▸ **DIRECTIONS**
Wherever the string "based" appears in the listing, copy that line.

▸ **DATASET**
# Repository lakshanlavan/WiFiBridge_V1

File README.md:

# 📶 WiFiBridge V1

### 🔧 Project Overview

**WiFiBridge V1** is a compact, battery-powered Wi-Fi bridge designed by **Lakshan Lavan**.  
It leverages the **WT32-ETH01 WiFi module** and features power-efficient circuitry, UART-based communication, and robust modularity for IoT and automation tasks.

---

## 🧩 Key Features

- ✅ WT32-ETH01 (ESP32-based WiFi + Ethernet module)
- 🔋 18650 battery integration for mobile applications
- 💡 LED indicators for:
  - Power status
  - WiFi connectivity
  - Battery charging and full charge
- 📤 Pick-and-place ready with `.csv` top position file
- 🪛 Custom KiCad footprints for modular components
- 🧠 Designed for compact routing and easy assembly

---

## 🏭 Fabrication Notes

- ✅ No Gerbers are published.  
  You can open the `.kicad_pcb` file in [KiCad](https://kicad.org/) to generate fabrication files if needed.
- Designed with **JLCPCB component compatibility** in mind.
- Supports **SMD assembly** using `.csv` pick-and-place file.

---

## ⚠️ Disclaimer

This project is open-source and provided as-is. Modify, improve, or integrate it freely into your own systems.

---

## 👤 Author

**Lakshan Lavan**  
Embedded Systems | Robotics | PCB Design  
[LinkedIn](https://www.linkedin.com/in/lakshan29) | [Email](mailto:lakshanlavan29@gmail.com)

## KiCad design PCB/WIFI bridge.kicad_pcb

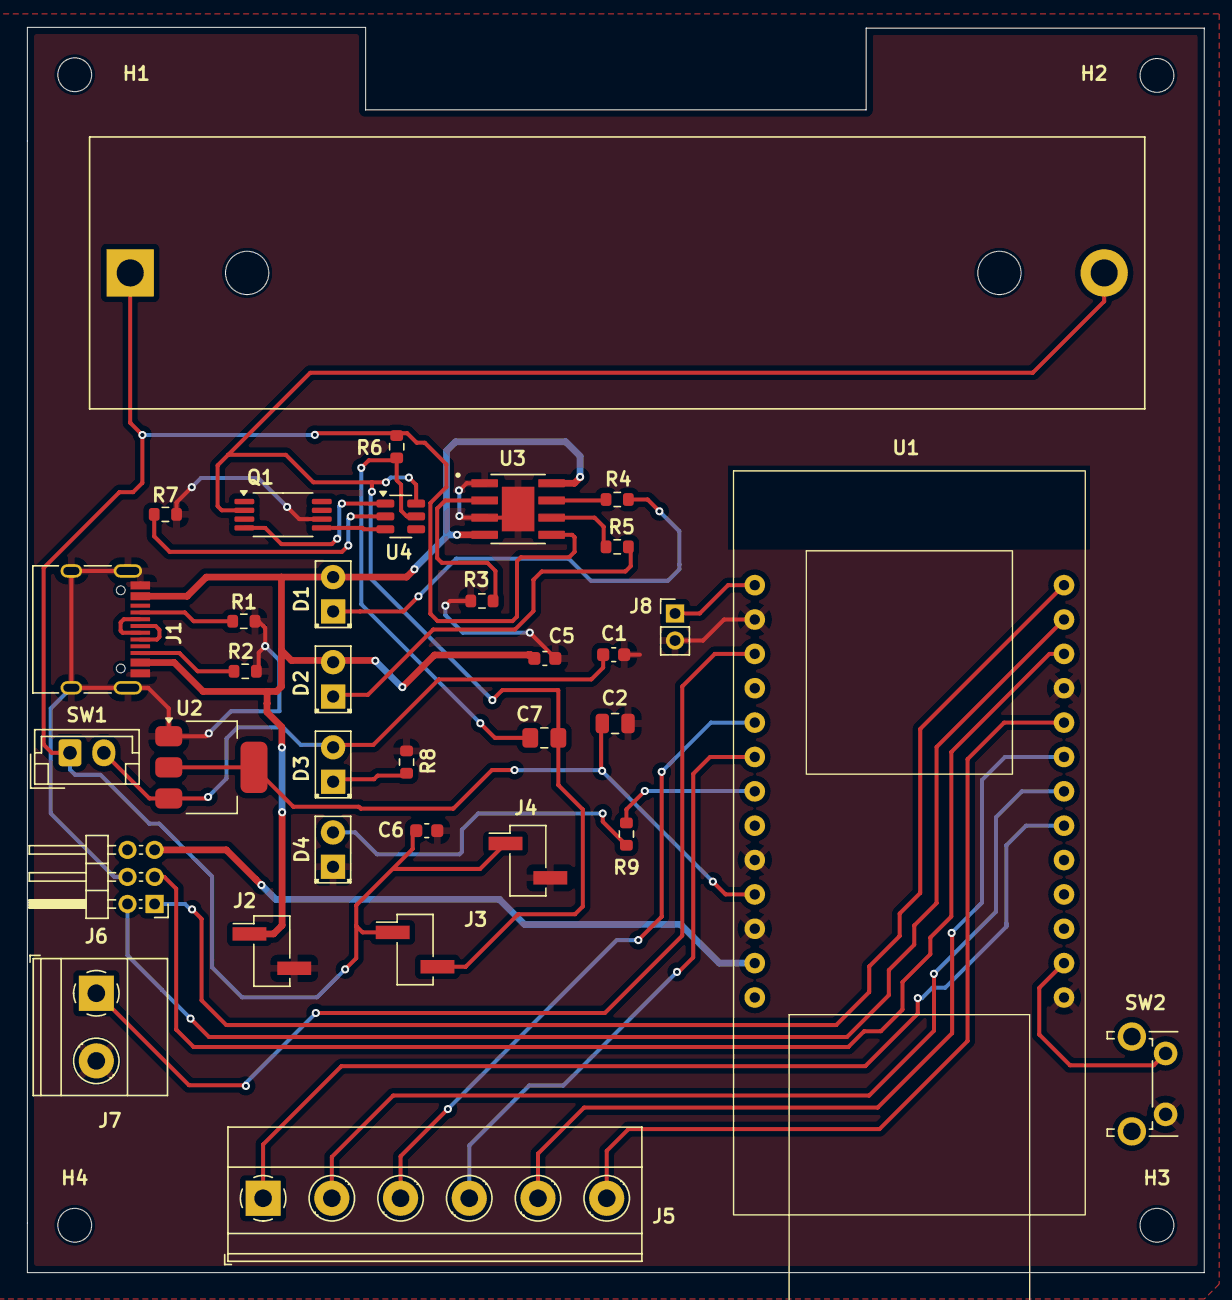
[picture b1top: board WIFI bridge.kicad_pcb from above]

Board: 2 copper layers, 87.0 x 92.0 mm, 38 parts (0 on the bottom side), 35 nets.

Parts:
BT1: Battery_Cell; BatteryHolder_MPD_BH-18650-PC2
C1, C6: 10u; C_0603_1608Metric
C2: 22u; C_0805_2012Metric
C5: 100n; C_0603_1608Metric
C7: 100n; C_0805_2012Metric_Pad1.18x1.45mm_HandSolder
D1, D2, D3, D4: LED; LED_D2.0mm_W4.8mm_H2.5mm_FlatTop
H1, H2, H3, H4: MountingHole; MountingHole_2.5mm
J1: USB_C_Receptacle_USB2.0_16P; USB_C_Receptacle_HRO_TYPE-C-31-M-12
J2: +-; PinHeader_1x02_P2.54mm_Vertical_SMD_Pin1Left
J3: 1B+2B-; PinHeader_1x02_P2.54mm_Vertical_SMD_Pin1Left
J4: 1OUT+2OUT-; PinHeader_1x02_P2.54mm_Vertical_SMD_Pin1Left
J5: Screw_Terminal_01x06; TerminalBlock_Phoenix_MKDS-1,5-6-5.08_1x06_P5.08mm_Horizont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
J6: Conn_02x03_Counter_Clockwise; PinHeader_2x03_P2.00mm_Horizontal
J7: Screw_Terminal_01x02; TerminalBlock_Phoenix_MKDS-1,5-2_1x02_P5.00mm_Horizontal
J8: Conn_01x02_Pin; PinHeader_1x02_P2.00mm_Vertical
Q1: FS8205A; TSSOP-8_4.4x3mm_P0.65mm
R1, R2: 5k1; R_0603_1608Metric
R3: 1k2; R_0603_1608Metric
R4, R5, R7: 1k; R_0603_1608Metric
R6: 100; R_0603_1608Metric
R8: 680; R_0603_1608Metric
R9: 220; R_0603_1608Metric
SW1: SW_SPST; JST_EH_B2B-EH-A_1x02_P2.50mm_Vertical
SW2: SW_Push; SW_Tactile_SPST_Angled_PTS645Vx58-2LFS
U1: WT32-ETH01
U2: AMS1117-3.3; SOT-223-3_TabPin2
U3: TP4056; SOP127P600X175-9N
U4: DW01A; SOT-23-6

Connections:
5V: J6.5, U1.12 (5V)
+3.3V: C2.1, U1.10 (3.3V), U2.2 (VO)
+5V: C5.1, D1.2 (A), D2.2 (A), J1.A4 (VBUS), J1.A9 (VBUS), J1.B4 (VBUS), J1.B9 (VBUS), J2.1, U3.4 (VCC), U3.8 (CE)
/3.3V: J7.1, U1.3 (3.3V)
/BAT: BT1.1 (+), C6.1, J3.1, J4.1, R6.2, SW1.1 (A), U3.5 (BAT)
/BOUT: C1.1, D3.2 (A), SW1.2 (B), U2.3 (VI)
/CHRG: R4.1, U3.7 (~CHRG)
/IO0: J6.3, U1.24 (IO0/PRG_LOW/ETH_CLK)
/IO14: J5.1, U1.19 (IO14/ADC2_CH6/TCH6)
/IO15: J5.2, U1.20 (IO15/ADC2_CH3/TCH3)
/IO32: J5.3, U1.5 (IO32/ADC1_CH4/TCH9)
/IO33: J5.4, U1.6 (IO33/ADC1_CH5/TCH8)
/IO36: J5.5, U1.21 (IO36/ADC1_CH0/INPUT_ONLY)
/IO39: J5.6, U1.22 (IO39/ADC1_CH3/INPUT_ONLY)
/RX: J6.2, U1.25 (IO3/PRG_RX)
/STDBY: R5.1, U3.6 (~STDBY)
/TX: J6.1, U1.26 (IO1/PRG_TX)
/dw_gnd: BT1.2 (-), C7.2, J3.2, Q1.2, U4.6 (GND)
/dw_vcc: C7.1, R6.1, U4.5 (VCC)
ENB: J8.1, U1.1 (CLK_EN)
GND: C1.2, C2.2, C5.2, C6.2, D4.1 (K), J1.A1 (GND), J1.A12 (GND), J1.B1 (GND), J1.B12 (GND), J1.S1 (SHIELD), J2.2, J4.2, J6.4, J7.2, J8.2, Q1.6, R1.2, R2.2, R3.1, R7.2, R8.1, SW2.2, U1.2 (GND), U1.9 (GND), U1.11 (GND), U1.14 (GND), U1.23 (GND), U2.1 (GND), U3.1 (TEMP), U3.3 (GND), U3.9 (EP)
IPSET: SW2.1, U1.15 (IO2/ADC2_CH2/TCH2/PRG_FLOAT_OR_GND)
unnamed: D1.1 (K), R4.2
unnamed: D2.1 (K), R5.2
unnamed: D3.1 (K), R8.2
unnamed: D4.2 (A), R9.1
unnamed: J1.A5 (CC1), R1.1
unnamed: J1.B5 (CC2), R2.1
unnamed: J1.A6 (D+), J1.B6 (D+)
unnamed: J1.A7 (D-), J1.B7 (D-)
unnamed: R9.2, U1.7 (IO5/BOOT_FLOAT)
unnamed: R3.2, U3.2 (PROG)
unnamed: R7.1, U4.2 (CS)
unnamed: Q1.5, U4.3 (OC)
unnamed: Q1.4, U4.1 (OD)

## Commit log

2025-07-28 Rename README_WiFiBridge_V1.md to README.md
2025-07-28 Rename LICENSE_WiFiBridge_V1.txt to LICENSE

▸ **SOLUTION TO THE PROBLEM**
It leverages the **WT32-ETH01 WiFi module** and features power-efficient circuitry, UART-based communication, and robust modularity for IoT and automation tasks.
- ✅ WT32-ETH01 (ESP32-based WiFi + Ethernet module)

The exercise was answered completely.